TASK DESCRIPTION: Nothing but the lines from the one containing "- moved C7 0.63 mm to (10.2, 13.3)" through the one containing "- removed net N$28: D3.2, D4.1, R3.1, U$1.40, U$2.P$1", both included, should be given again, each exactly as written below.
---
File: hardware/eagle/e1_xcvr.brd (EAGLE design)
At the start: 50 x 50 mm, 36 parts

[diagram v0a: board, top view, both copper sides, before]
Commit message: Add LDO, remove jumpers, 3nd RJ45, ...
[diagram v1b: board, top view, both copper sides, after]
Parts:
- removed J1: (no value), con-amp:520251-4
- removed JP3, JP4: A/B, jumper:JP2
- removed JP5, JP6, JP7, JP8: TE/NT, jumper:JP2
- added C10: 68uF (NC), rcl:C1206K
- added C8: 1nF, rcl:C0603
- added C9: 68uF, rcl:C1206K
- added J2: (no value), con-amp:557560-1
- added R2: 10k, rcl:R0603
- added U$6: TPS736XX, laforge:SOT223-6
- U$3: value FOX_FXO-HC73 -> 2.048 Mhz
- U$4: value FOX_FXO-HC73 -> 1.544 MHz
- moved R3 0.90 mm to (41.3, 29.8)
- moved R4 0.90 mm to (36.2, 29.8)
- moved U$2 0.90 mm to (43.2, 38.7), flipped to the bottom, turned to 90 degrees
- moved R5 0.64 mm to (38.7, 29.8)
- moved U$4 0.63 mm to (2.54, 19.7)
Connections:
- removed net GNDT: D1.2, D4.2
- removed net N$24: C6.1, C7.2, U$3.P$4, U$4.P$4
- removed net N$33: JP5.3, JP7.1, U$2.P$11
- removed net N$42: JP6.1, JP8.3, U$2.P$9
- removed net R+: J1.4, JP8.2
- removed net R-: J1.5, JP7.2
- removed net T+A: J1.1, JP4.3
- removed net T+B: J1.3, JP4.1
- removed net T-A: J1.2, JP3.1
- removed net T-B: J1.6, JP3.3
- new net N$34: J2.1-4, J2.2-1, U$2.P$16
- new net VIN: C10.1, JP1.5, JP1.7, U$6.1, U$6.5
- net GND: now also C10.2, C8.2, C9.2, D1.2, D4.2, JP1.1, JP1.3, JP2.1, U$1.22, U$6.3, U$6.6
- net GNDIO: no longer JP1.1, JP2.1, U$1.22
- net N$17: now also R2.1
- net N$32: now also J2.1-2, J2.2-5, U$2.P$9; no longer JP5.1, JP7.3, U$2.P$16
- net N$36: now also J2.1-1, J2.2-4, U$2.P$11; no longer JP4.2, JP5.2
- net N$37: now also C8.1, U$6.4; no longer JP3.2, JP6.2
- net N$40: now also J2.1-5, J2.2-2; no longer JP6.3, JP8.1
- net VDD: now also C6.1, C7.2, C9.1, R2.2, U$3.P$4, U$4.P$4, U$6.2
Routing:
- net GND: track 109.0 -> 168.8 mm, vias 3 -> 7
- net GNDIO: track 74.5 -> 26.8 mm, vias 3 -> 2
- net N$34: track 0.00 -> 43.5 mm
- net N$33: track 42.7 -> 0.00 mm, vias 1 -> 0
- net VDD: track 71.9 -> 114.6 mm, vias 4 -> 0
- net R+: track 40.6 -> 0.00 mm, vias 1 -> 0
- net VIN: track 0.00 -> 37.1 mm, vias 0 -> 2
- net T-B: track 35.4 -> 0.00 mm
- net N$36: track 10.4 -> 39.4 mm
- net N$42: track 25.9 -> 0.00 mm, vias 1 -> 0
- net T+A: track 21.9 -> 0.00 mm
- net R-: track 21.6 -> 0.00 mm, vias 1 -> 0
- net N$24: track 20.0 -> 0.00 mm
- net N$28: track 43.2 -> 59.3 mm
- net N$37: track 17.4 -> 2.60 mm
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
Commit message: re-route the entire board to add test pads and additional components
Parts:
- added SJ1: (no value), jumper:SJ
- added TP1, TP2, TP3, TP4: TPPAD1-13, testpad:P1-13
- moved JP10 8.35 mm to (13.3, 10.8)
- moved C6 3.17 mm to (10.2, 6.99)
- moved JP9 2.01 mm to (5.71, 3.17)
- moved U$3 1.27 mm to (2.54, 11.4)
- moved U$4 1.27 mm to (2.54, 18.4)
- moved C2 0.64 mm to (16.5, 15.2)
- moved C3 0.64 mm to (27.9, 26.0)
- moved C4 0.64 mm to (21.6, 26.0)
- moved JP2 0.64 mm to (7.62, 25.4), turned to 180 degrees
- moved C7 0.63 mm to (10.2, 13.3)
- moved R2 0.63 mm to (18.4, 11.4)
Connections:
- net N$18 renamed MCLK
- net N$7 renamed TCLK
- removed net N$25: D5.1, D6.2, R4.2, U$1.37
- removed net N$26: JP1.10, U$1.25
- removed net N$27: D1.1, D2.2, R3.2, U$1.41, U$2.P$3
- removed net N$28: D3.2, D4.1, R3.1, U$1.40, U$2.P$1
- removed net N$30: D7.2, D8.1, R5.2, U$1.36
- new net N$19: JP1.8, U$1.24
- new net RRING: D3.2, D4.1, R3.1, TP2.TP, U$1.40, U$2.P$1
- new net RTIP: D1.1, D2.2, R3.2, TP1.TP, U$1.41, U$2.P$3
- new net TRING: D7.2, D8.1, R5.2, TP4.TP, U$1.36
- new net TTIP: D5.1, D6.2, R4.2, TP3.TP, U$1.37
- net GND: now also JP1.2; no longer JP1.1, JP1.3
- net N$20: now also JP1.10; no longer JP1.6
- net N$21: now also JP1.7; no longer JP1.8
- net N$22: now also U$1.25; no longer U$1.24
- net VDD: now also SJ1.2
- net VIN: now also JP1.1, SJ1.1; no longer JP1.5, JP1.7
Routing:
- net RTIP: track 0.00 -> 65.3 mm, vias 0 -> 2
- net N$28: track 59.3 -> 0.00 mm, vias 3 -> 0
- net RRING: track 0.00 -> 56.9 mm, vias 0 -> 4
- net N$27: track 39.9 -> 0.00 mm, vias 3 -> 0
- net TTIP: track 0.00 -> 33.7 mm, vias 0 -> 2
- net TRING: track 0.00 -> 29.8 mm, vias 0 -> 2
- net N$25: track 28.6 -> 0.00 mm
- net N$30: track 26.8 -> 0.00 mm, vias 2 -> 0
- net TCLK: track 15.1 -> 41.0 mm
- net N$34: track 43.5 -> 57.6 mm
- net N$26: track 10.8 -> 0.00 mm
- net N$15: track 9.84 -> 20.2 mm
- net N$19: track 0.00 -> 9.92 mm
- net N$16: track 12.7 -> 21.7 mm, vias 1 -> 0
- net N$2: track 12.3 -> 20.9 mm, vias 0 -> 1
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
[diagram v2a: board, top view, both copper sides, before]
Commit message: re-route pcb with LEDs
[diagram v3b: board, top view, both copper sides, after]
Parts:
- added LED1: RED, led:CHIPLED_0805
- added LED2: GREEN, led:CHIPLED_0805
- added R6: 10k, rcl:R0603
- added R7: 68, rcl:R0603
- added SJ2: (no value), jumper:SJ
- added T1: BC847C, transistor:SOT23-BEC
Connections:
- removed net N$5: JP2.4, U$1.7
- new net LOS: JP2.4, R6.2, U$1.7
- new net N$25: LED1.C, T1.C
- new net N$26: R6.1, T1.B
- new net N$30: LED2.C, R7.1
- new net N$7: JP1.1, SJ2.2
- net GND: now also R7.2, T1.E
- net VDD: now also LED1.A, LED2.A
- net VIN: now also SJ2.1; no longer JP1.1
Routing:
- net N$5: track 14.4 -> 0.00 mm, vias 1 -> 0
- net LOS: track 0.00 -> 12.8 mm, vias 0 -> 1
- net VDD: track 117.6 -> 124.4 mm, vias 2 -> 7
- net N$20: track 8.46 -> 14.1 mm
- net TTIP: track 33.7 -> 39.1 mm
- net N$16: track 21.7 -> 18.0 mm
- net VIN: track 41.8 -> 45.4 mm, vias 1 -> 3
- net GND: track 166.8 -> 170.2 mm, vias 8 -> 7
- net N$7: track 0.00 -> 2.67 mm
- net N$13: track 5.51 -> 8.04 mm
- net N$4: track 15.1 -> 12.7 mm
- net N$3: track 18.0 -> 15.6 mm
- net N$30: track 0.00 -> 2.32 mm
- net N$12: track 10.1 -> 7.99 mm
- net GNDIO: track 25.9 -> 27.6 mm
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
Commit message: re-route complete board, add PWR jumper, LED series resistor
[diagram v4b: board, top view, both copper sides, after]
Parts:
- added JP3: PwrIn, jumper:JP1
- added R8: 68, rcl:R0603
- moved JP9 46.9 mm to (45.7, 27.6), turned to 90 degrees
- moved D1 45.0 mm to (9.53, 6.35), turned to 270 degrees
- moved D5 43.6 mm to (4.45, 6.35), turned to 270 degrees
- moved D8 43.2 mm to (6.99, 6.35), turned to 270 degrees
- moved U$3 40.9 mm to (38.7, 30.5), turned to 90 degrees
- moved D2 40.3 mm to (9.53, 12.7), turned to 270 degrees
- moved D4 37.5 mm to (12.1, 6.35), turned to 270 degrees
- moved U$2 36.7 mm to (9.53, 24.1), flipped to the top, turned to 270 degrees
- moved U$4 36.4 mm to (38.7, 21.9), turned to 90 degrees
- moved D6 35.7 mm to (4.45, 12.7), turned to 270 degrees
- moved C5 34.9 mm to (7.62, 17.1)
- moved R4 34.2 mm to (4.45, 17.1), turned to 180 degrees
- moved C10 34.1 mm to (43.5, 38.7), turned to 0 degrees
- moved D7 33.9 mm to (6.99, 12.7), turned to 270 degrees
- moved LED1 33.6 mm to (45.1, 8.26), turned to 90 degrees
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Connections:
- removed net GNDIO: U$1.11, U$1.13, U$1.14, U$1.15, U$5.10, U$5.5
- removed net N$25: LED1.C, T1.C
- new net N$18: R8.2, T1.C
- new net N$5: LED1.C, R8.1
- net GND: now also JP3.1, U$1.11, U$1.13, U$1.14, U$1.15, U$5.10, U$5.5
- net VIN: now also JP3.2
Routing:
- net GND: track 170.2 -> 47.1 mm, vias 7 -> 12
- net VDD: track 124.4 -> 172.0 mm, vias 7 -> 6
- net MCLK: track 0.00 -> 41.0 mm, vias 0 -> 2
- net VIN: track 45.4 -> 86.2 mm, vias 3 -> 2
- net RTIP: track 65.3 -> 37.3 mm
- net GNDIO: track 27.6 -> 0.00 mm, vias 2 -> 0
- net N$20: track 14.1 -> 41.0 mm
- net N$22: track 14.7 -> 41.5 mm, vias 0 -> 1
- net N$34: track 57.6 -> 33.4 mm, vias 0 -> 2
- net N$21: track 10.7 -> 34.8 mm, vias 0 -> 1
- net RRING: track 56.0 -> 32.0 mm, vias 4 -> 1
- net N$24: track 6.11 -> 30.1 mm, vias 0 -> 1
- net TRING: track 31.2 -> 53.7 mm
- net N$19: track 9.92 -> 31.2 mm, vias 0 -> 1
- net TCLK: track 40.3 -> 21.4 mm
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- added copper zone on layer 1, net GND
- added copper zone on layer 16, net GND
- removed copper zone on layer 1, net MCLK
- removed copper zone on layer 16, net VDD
---
RESULT FOR THIS EXERCISE:
- moved C7 0.63 mm to (10.2, 13.3)
- moved R2 0.63 mm to (18.4, 11.4)
Connections:
- net N$18 renamed MCLK
- net N$7 renamed TCLK
- removed net N$25: D5.1, D6.2, R4.2, U$1.37
- removed net N$26: JP1.10, U$1.25
- removed net N$27: D1.1, D2.2, R3.2, U$1.41, U$2.P$3
- removed net N$28: D3.2, D4.1, R3.1, U$1.40, U$2.P$1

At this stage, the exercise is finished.